PASSION NEGRONI
Plus subtil que le spritz, ce cocktail indémodable à la morsure amère irrésistible n’est pas compliqué à préparer chez soi et peut se décliner à l’infini
Quand j’ai commencé à travailler ici, je ne connaissais rien aux amers, alors j’ai fait des recherches et beaucoup dégusté à l’aveugle pour travailler mon palais », raconte Julie Martin, cheffe barmaid d’Amaro. Dans ce bar du 9e arrondissement de Paris, monté par Philippe Baranes, amoureux de l’Italie, toute la carte brode autour de l’amertume. Et pour les clients sceptiques ? « S’ils n’aiment pas le cocktail, on le change, nous sommes là pour faire découvrir, pas pour faire peur », expliquent Julie et Maxime, son co-bartender. Il faut dire que cette saveur passionnante n’est pas la plus appréciée des palais français, contrairement à ceux des voisins italiens. L’écrivain Emmanuel Giraud en fait d’ailleurs un éloge savoureux dans son livre « l’Amer » (Editions Argol) : « Là-bas, l’amertume est joyeuse, sociale, évidente. Ce n’est pas cette vilaine cousine arriérée dont on a un peu honte en France. En Italie, l’amer est de sortie à chaque repas, il aiguillonne les sens du premier ristretto matinal jusqu’au sombre amaro digestif que l’on sirote, repu, dans la quiétude nocturne. »

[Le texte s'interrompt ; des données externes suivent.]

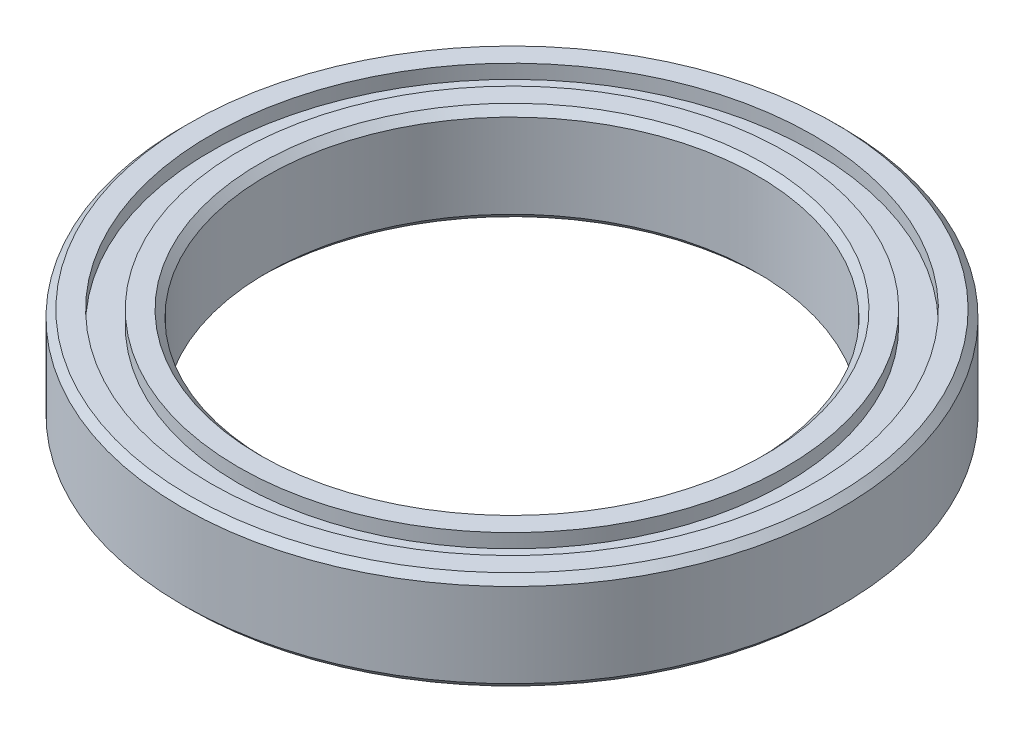
from build123d import *

# Parameters (mm, degrees)
SKETCH1_R           = 23.5
SKETCH1_R_2         = 17.5
BOSS_EXTRUDE1_DEPTH = 7
SKETCH2_R           = 21.5
SKETCH2_R_2         = 19.5
CUT_EXTRUDE1_DEPTH  = 1
CUT_EXTRUDE2_START  = -1
SKETCH3_R           = 21.5
SKETCH3_R_2         = 19.5
CUT_EXTRUDE2_DEPTH  = 1
CHAMFER1_SIZE       = 0.5


with BuildPart() as part:
    # Sketch1 → Boss-Extrude1 (new body)
    with BuildSketch(Plane(origin=(0, 0, 0), x_dir=(1, 0, 0), z_dir=(0, 1, 0))):
        with Locations(Location((0, 0, 0), (0, 0, 270))):
            Circle(SKETCH1_R)
        with Locations(Location((0, 0, 0), (0, 0, 270))):
            Circle(SKETCH1_R_2, mode=Mode.SUBTRACT)
    extrude(amount=BOSS_EXTRUDE1_DEPTH)

    # Sketch2 → Cut-Extrude1 (cut)
    with BuildSketch(Plane(origin=(0, 7, 0), x_dir=(1, 0, 0), z_dir=(0, 1, 0))):
        with Locations(Location((0, 0, 0), (0, 0, 270))):
            Circle(SKETCH2_R)
        with Locations(Location((0, 0, 0), (0, 0, 270))):
            Circle(SKETCH2_R_2, mode=Mode.SUBTRACT)
    extrude(amount=-CUT_EXTRUDE1_DEPTH, mode=Mode.SUBTRACT)

    # Sketch3 → Cut-Extrude2 (cut)
    with BuildSketch(Plane.XZ.offset(CUT_EXTRUDE2_START)):
        with Locations(Location((0, 0, 0), (0, 0, 90))):
            Circle(SKETCH3_R)
        with Locations(Location((0, 0, 0), (0, 0, 90))):
            Circle(SKETCH3_R_2, mode=Mode.SUBTRACT)
    extrude(amount=CUT_EXTRUDE2_DEPTH, mode=Mode.SUBTRACT)

    # Chamfer1
    chamfer1_edges = [part.edges().sort_by_distance(p)[0] for p in [
        (0, 0, -23.5),
        (0, 7, -23.5),
        (0, 0, -17.5),
        (0, 7, -17.5),
    ]]
    chamfer(chamfer1_edges, length=CHAMFER1_SIZE)


solid = part.part
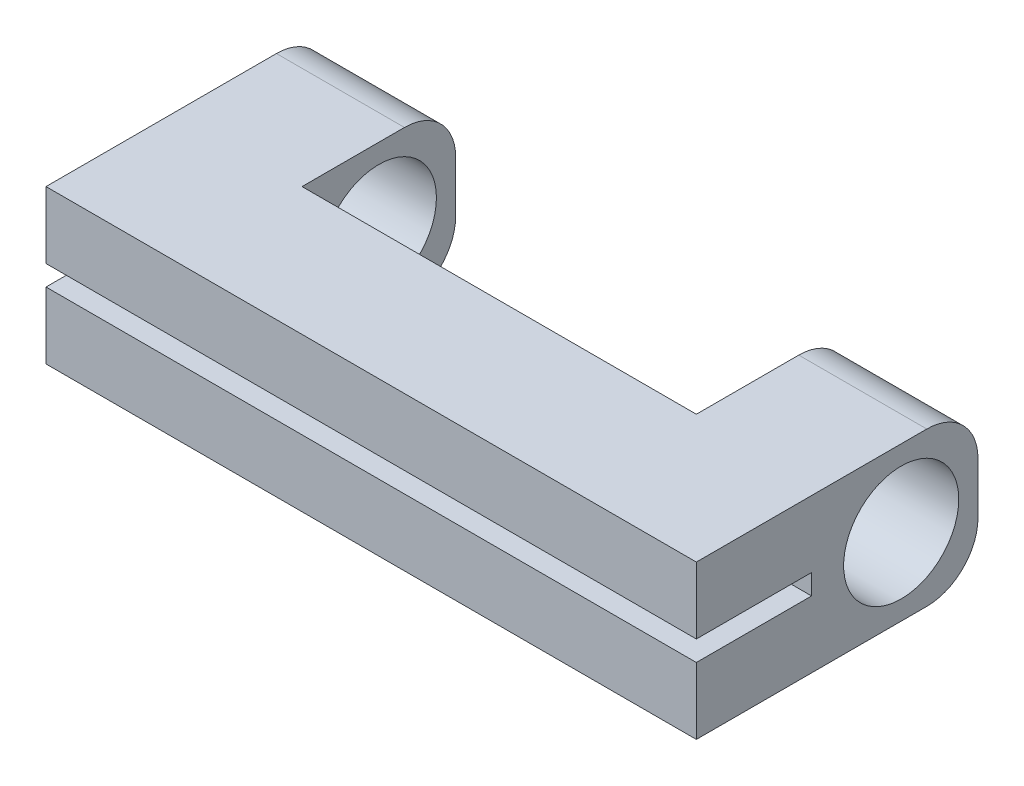
from build123d import *

# Parameters (mm, degrees)
SKETCH1_W             = 25.4
SKETCH1_H             = 5
BOSS_EXTRUDE1_DEPTH   = 6
SKETCH2_W             = 9
SKETCH2_H             = 0.79375
CUT_EXTRUDE1_DEPTH    = 27.218504915
SKETCH6_W             = 5
SKETCH6_H             = 6
BOSS_EXTRUDE2_DEPTH   = 6
F_8_CLEARANCE_HOLE1_D = 4.4958
FILLET1_R             = 2


with BuildPart() as part:
    # Sketch1 → Boss-Extrude1 (new body)
    with BuildSketch(Plane(origin=(0, 0, 0), x_dir=(1, 0, 0), z_dir=(0, 1, 0))):
        Rectangle(SKETCH1_W, SKETCH1_H)
    extrude(amount=BOSS_EXTRUDE1_DEPTH)

    # Sketch2 → Cut-Extrude1 (cut, through all)
    with BuildSketch(Plane(origin=(12.7, 0, 0), x_dir=(0, 0, -1), z_dir=(1, 0, 0))):
        with Locations((-2.5, 3)):
            Rectangle(SKETCH2_W, SKETCH2_H)
    extrude(amount=-CUT_EXTRUDE1_DEPTH, mode=Mode.SUBTRACT)

    # Sketch6 → Boss-Extrude2 (add)
    with BuildSketch(Plane(origin=(0, 0, -2.5), x_dir=(-1, 0, 0), z_dir=(0, 0, -1))):
        with Locations((10.2, 3)):
            Rectangle(SKETCH6_W, SKETCH6_H)
    extrude(amount=BOSS_EXTRUDE2_DEPTH)

    # #8 Clearance Hole1 (through all)
    with Locations(Plane(origin=(-7.7, 0, 0), x_dir=(0, 0, -1), z_dir=(1, 0, 0))):
        with Locations((5.5, 3)):
            Hole(F_8_CLEARANCE_HOLE1_D / 2)

    # Fillet1
    fillet1_edges = [part.edges().sort_by_distance(p)[0] for p in [
        (-10.2, 6, -8.5),
        (-10.2, 0, -8.5),
    ]]
    fillet(fillet1_edges, radius=FILLET1_R)

    # Mirror1: part across plane


with BuildPart() as part_1:
    add(part.part)
    add(part.part.mirror(Plane(origin=(0, 0, 0), x_dir=(0, 0, 1), z_dir=(1, 0, 0))))


solid = part_1.part

Pas étonnant donc que l’on situe l’apparition du Negroni au Caffè Casoni à Florence. Ce cocktail aurait été inventé en 1919 lorsque le comte Camillo Negroni, qui affectionnait les Americano à l’apéritif, aurait demandé au barman Fosco Scarelli de remplacer l’eau gazeuse par du gin, qu’il avait découvert en Angleterre. Ainsi serait né ce cocktail mêlant à parts égales vermouth rouge, campari et gin, surmonté généralement d’une tranche d’orange. Si la recette est plutôt simple à exécuter, Julie Martin rappelle que « la dilution, elle, doit être très précise ». La diversité des vermouths (apéritifs à base de vin muté et plantes macérées), des gins et des amers ou amaro (liqueurs apéritives, infusion de plantes amères dans de l’alcool distillé) permet des combinaisons et des mélanges subtils et quasi infinis.